Tabby fled upstairs. She wouldn’t let herself cry. She took a nightdress from her bedroom and stole across the corridor to Jake’s room where she knew she would not be disturbed. Distressed as she was, she was asleep within minutes of climbing into the twin bed next to her son’s. Around dawn she wakened and went for a shower to freshen up. Her head was sore. Too much champagne, just as Christien had said. The night before, she had been all drama and brave defiance. Now in the cold light of day she was trying to imagine what it would do to Jake if the promised wedding failed to take place. He was so excited. And it was not as if Christien were in love with Veronique. But what would it do to her to love Christien without return for years on end? It would humble her, damage her confidence.

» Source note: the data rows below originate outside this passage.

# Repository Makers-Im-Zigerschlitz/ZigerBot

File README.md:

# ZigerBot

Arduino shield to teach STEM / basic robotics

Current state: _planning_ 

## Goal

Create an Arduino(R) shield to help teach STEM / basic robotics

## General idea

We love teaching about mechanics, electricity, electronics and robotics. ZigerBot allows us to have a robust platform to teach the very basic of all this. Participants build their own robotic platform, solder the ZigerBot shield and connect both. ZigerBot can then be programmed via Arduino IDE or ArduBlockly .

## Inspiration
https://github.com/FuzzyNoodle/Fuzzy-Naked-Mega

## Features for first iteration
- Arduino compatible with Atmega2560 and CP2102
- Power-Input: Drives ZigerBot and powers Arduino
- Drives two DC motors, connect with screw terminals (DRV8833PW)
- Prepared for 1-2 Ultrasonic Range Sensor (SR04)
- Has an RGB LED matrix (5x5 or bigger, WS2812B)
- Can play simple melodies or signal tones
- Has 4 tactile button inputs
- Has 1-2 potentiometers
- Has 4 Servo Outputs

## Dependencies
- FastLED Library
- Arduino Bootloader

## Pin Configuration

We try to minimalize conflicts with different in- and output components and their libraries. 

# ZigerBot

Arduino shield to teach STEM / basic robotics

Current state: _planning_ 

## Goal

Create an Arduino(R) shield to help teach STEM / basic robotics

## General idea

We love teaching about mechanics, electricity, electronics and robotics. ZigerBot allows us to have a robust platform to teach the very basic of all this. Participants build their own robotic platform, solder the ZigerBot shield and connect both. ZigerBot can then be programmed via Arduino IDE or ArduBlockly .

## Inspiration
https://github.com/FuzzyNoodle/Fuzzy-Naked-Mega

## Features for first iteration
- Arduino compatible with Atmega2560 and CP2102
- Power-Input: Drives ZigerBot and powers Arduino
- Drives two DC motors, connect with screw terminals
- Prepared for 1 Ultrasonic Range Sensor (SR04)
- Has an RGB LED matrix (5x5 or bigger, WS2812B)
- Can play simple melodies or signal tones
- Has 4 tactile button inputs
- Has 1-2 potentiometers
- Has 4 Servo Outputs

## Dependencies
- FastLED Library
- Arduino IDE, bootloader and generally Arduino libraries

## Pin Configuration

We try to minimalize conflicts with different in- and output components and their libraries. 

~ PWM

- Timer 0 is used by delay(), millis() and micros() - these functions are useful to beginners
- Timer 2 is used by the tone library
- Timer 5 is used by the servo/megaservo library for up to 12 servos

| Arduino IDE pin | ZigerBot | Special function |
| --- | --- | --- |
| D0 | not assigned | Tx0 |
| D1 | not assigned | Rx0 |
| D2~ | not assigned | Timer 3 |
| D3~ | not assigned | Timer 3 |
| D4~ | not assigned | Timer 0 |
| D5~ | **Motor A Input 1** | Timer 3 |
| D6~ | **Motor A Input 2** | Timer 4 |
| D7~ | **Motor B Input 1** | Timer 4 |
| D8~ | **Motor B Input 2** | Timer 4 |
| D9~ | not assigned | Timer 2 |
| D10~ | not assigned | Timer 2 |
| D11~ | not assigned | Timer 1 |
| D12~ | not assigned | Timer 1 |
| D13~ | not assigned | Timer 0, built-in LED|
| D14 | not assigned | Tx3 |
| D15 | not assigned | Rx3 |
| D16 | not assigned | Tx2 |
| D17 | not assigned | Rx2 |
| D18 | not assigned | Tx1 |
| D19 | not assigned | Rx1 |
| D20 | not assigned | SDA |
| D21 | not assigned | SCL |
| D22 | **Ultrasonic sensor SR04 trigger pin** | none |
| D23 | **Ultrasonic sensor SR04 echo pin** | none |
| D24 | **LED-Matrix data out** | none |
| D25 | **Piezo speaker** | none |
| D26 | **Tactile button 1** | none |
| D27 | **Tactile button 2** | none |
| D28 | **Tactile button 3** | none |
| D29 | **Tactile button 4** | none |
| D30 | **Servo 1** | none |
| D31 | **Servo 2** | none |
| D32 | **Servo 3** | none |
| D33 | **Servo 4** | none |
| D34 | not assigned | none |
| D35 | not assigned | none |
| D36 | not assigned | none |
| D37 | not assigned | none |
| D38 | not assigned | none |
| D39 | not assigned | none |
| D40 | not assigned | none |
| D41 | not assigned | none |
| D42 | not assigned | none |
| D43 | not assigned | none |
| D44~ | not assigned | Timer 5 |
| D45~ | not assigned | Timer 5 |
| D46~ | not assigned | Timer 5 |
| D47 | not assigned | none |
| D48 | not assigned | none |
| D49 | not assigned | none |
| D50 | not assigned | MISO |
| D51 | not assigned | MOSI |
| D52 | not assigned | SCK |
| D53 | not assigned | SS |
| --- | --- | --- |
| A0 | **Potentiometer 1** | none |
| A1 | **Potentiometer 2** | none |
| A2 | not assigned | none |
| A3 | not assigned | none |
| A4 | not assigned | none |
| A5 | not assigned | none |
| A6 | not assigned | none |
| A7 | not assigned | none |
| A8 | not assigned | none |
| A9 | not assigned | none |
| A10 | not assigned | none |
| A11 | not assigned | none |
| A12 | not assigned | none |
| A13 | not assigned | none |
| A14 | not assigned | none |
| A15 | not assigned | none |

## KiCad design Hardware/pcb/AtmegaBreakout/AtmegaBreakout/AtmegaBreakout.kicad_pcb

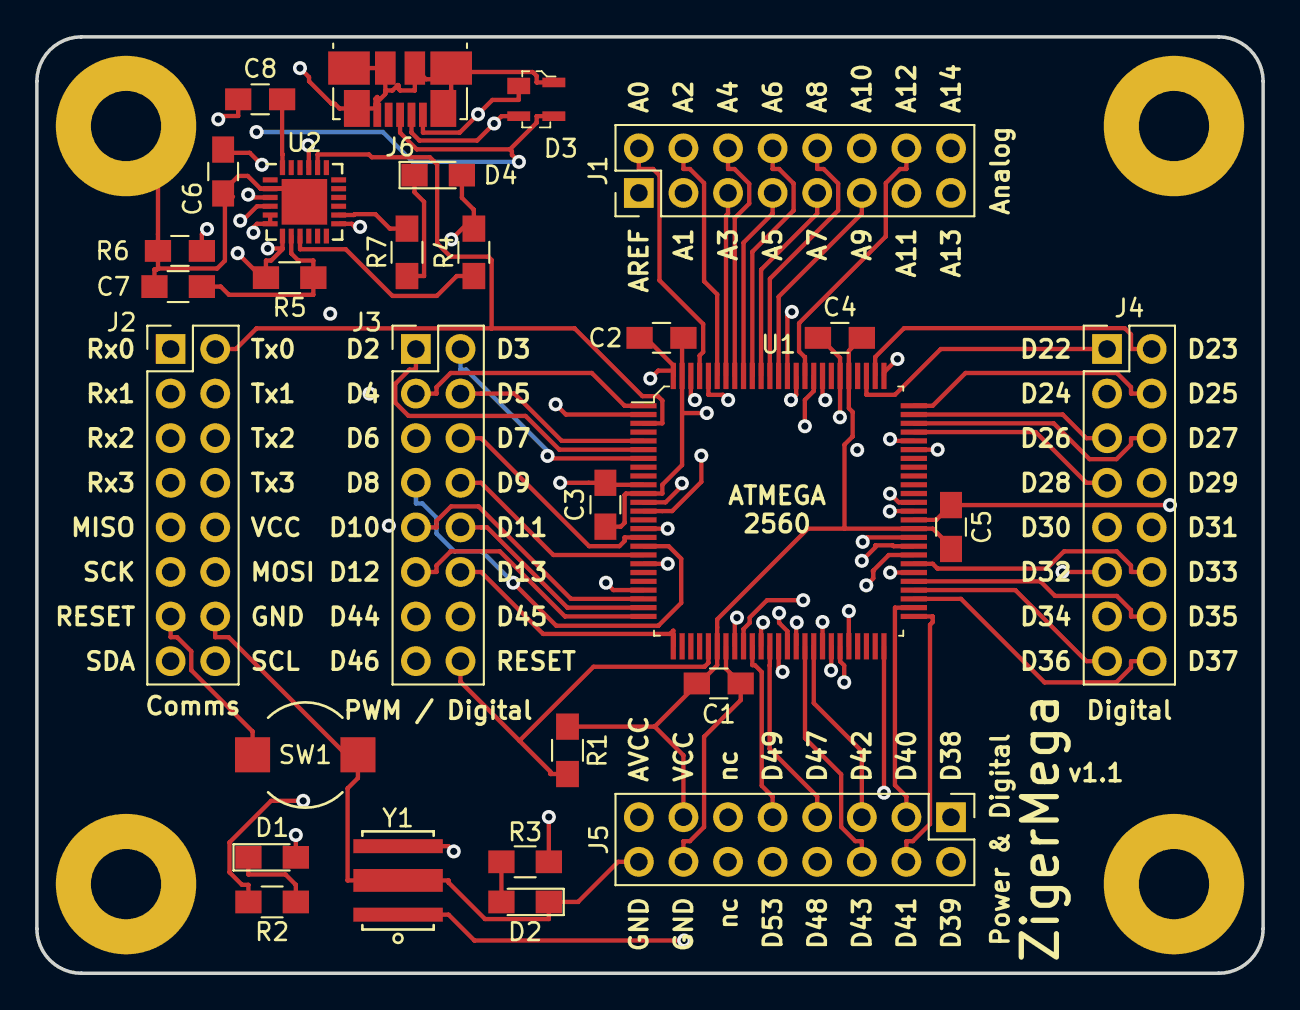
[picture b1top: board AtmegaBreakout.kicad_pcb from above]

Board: 4 copper layers, 69.9 x 53.3 mm, 33 parts (0 on the bottom side), 85 nets.

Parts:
C1, C2, C3, C4, C5, C6, C8: 0.1uF; C_0805_HandSoldering
C7: 4.7uF; C_0805_HandSoldering
D1: LED USB Rx; LED_0805_HandSoldering
D2: LED L; LED_0805_HandSoldering
D3: SP0503BAHTG; SOT-143-4
D4: LED USB Tx; LED_0805_HandSoldering
J1: ANALOG; Pin_Header_Straight_2x08_Pitch2.54mm
J2: POWER and COMMS; Pin_Header_Straight_2x08_Pitch2.54mm
J3: DIGITAL1; Pin_Header_Straight_2x08_Pitch2.54mm
J4: DIGITAL2; Pin_Header_Straight_2x08_Pitch2.54mm
J5: DIGITAL3; Pin_Header_Straight_2x08_Pitch2.54mm
J6: USB_B_Micro; USB_Micro-B_Molex_47346-0001
MH1, MH2, MH3, MH4: MountingHole_Pad; MountingHole_4mm_Pad
R1: 47k; R_0805_HandSoldering
R2, R3, R4, R7: 1k; R_0805_HandSoldering
R5: 22.1k; R_0805_HandSoldering
R6: 47.5k; R_0805_HandSoldering
SW1: EVP-ASAC1A
U1: ATMEGA2560-16AU; TQFP-100_14x14mm
U2: CP2102N-A01-GQFN24; QFN-24-1EP_4x4mm_Pitch0.5mm
Y1: 16MHz Ceramic Resonator; AWSCR-MT

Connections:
/A0: J1.2, U1.97
/A1: J1.3, U1.96
/A2: J1.4, U1.95
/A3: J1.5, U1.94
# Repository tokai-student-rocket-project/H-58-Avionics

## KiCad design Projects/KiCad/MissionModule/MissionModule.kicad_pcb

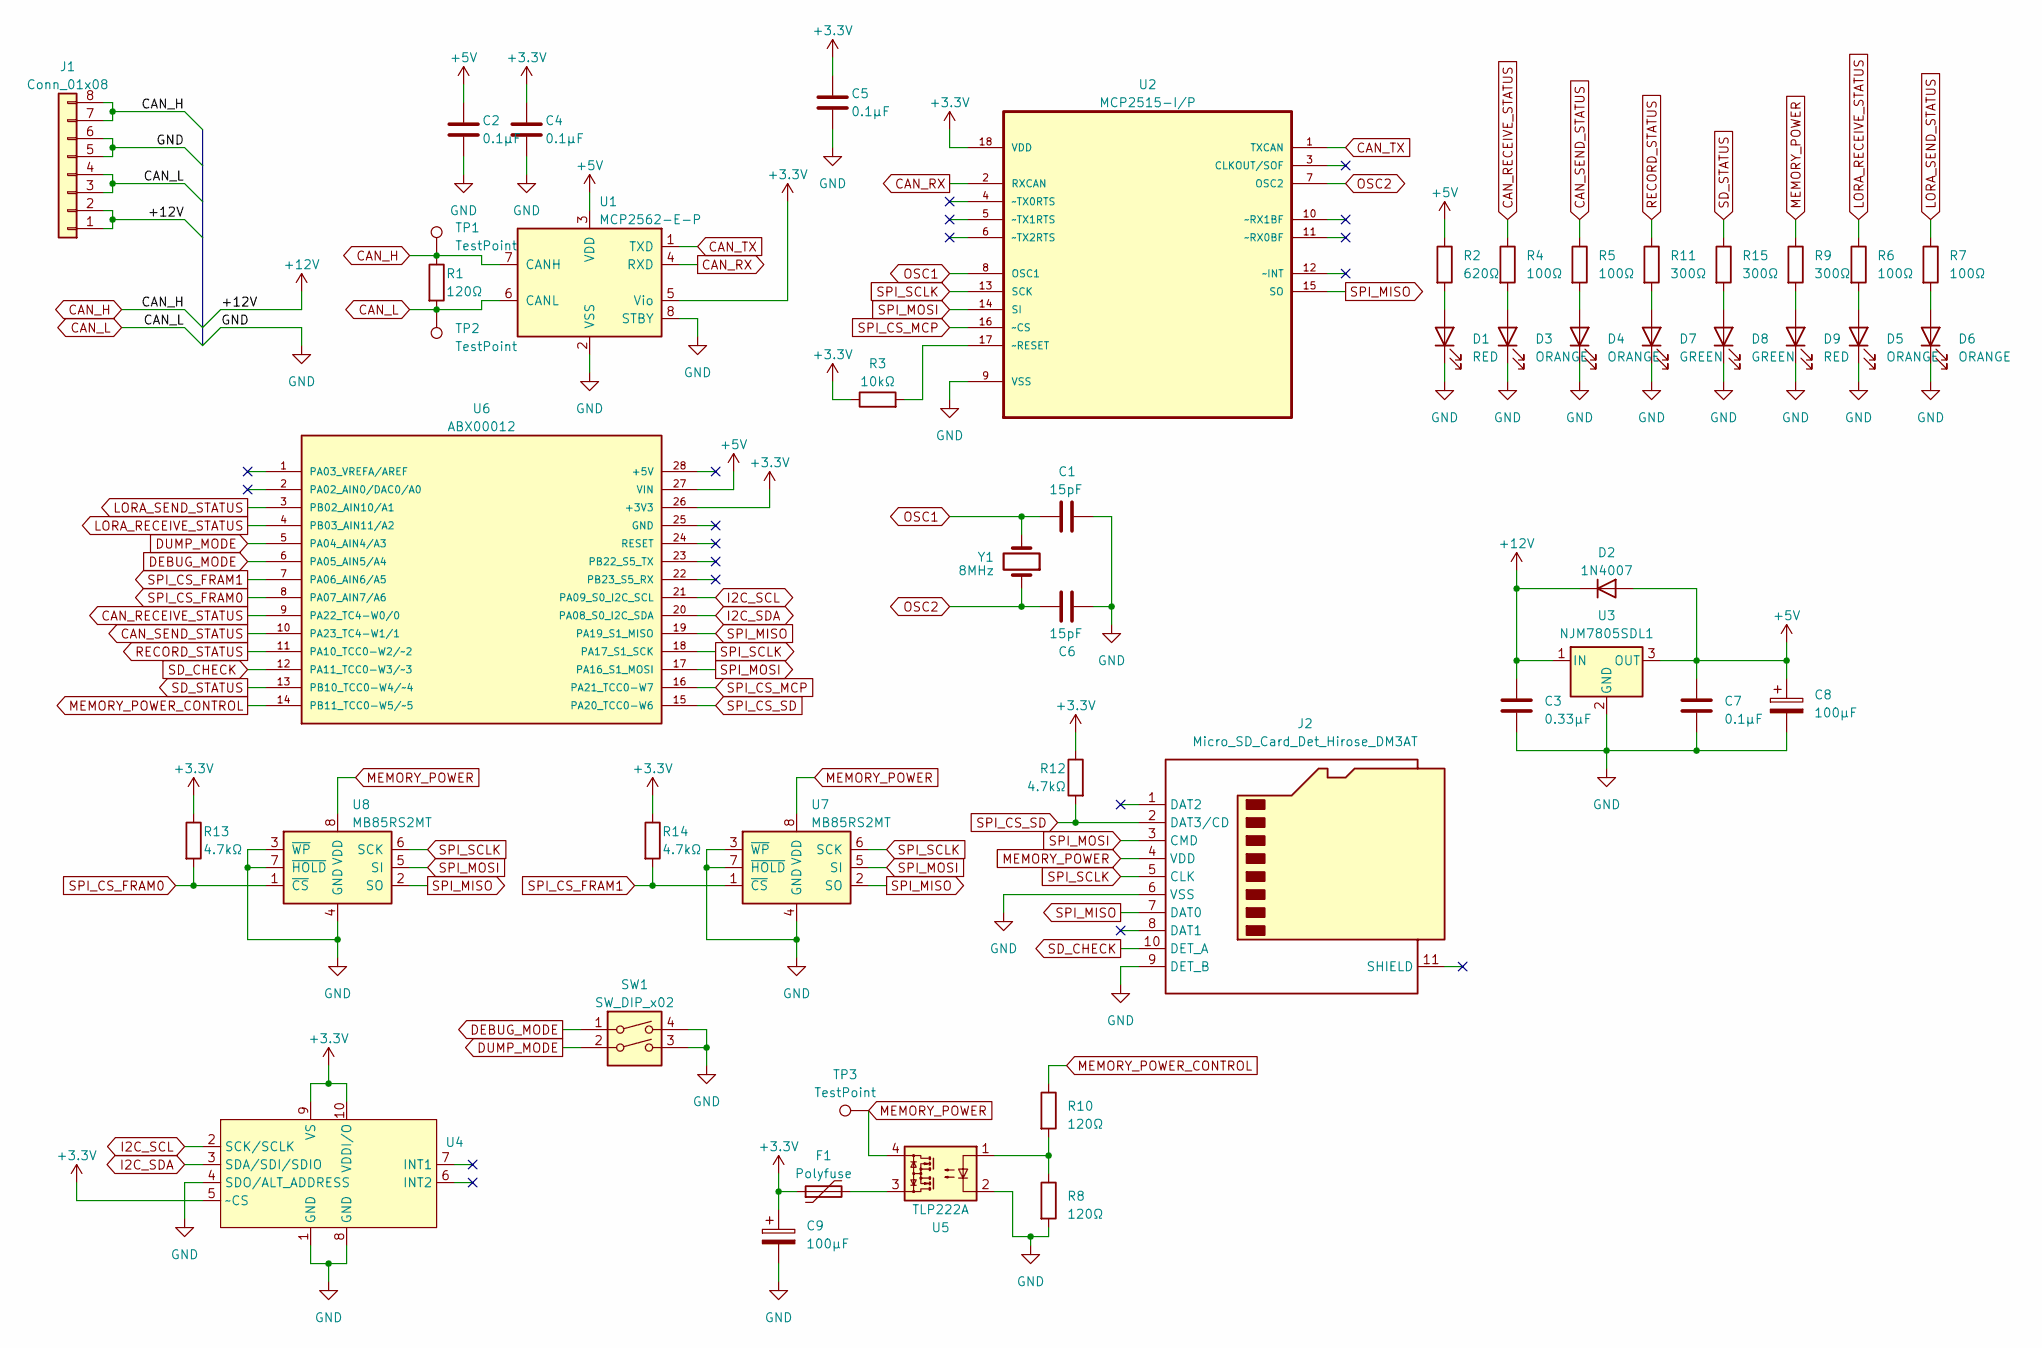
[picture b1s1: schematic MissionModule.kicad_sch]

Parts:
C1, C6: 15pF; C_0603_1608Metric_Pad1.08x0.95mm_HandSolder
C2, C4, C5, C7: 0.1μF; C_0805_2012Metric_Pad1.18x1.45mm_HandSolder
C3: 0.33μF; C_0805_2012Metric_Pad1.18x1.45mm_HandSolder
C8, C9: 100μF; CP_Elec_6.3x7.7
D1, D9: RED; LED_0603_1608Metric_Pad1.05x0.95mm_HandSolder
D2: 1N4007; D_SOD-123F
D3, D4, D5, D6: ORANGE; LED_0603_1608Metric_Pad1.05x0.95mm_HandSolder
D7, D8: GREEN; LED_0603_1608Metric_Pad1.05x0.95mm_HandSolder
F1: Polyfuse; Fuse_1206_3216Metric_Pad1.42x1.75mm_HandSolder
J1: Conn_01x08; Hirose_DF11-8DP-2DSA_2x04_P2.00mm_Vertical
J2: Micro_SD_Card_Det_Hirose_DM3AT; microSD_HC_Hirose_DM3AT-SF-PEJM5
R1, R8, R10: 120Ω; R_0603_1608Metric_Pad0.98x0.95mm_HandSolder
R2: 620Ω; R_0603_1608Metric_Pad0.98x0.95mm_HandSolder
R3: 10kΩ; R_0603_1608Metric_Pad0.98x0.95mm_HandSolder
R4, R5, R6, R7: 100Ω; R_0603_1608Metric_Pad0.98x0.95mm_HandSolder
R9, R11, R15: 300Ω; R_0603_1608Metric_Pad0.98x0.95mm_HandSolder
R12, R13, R14: 4.7kΩ; R_0603_1608Metric_Pad0.98x0.95mm_HandSolder
SW1: SW_DIP_x02; SW_DIP_SPSTx02_Piano_10.8x6.64mm_W7.62mm_P2.54mm
TP1, TP2, TP3: TestPoint; Pin_D1.0mm_L10.0mm
U1: MCP2562-E-P; DIP-8_W7.62mm
U2: MCP2515-I/P; DIP-18_W7.62mm; MPN MCP2515-I/P
U3: NJM7805SDL1; TO-252-2
U4: ADXL375
U5: TLP222A; DIP-4_W7.62mm
U6: ABX00012; ARDUINO_ABX00012; PARTREV 5
U7, U8: MB85RS2MT; DIP-8_W7.62mm
Y1: 8MHz; Crystal_HC49-U_Vertical

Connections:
+3.3V: C4.1, C5.1, C9.1, F1.1, R3.1, R12.1, R13.1, R14.1, U1.5 (Vio), U2.18 (VDD), U4.5 (~CS), U4.9 (VS), U4.10 (VDDI/O), U6.26 (+3V3)
+5V: C2.1, C7.1, C8.1, D2.2 (A), R2.1, U1.3 (VDD), U3.3 (OUT), U6.27 (VIN)
+12V: C3.1, D2.1 (K), J1.1, J1.2, U3.1 (IN)
CAN_H: J1.7, J1.8, R1.1, TP1.1, U1.7 (CANH)
CAN_L: J1.3, J1.4, R1.2, TP2.1, U1.6 (CANL)
CAN_RECEIVE_STATUS: R4.1, U6.9 (PA22_TC4-W0/0)
CAN_RX: U1.4 (RXD), U2.2 (RXCAN)
CAN_SEND_STATUS: R5.1, U6.10 (PA23_TC4-W1/1)
CAN_TX: U1.1 (TXD), U2.1 (TXCAN)
DEBUG_MODE: SW1.1, U6.6 (PA05_AIN5/A4)
DUMP_MODE: SW1.2, U6.5 (PA04_AIN4/A3)
GND: C1.1, C2.2, C3.2, C4.2, C5.2, C6.1, C7.2, C8.2, C9.2, D1.1 (K), D3.1 (K), D4.1 (K), D5.1 (K), D6.1 (K), D7.1 (K), D8.1 (K), D9.1 (K), J1.5, J1.6, J2.6 (VSS), J2.9 (DET_B), R8.2, SW1.3, SW1.4, U1.2 (VSS), U1.8 (STBY), U2.9 (VSS), U3.2 (GND), U4.1 (GND), U4.4 (SDO/ALT_ADDRESS), U4.8 (GND), U5.2, U7.3 (~WP), U7.4 (GND), U7.7 (~HOLD), U8.3 (~WP), U8.4 (GND), U8.7 (~HOLD)
I2C_SCL: U4.2 (SCK/SCLK), U6.21 (PA09_S0_I2C_SCL)
I2C_SDA: U4.3 (SDA/SDI/SDIO), U6.20 (PA08_S0_I2C_SDA)
LORA_RECEIVE_STATUS: R6.1, U6.4 (PB03_AIN11/A2)
LORA_SEND_STATUS: R7.1, U6.3 (PB02_AIN10/A1)
MEMORY_POWER: J2.4 (VDD), R9.1, TP3.1, U5.4, U7.8 (VDD), U8.8 (VDD)
MEMORY_POWER_CONTROL: R10.1, U6.14 (PB11_TCC0-W5/~5)
unnamed: D1.2 (A), R2.2
unnamed: D3.2 (A), R4.2
unnamed: D4.2 (A), R5.2
unnamed: D5.2 (A), R6.2
unnamed: D6.2 (A), R7.2
unnamed: D7.2 (A), R11.2
unnamed: D8.2 (A), R15.2
unnamed: D9.2 (A), R9.2
unnamed: F1.2, U5.3
unnamed: R8.1, R10.2, U5.1
unnamed: R3.2, U2.17 (~RESET)
OSC1: C1.2, U2.8 (OSC1), Y1.2
OSC2: C6.2, U2.7 (OSC2), Y1.1
RECORD_STATUS: R11.1, U6.11 (PA10_TCC0-W2/~2)
SD_CHECK: J2.10 (DET_A), U6.12 (PA11_TCC0-W3/~3)
SD_STATUS: R15.1, U6.13 (PB10_TCC0-W4/~4)
SPI_CS_FRAM0: R13.2, U6.8 (PA07_AIN7/A6), U8.1 (~CS)
SPI_CS_FRAM1: R14.2, U6.7 (PA06_AIN6/A5), U7.1 (~CS)
SPI_CS_MCP: U2.16 (~CS), U6.16 (PA21_TCC0-W7)
SPI_CS_SD: J2.2 (DAT3/CD), R12.2, U6.15 (PA20_TCC0-W6)
SPI_MISO: J2.7 (DAT0), U2.15 (SO), U6.19 (PA19_S1_MISO), U7.2 (SO), U8.2 (SO)
SPI_MOSI: J2.3 (CMD), U2.14 (SI), U6.17 (PA16_S1_MOSI), U7.5 (SI), U8.5 (SI)
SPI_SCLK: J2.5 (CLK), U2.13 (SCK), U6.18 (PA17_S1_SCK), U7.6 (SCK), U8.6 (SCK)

The second time she wakened, she was back in her own bed and she sat up in bewilderment. His back turned to her, Christien was lodged by the windows, the curtains partially opened to let the sunlight flood into the elegant room.
‘I moved you in here because we have to talk,’ he breathed harshly.
‘No…I don’t know what to say to you—’
Christien swung round. The lines of strain grooved between his nose and mouth were matched by the brooding darkness of his gaze. ‘I should have asked you just to listen. I’ll do the talking.’
Tabby looped a straying strand of hair off her brow in an effort to hide that she was still reeling from the way events had overtaken them the night before.
‘That day four years back, when you tried to see me at the villa and Veronique spoke to you instead, I was probably drunk. After I’d dealt with the formalities of my father’s death and my mother shut herself away here demanding to be left alone, I spent the rest of that hideous week drunk.’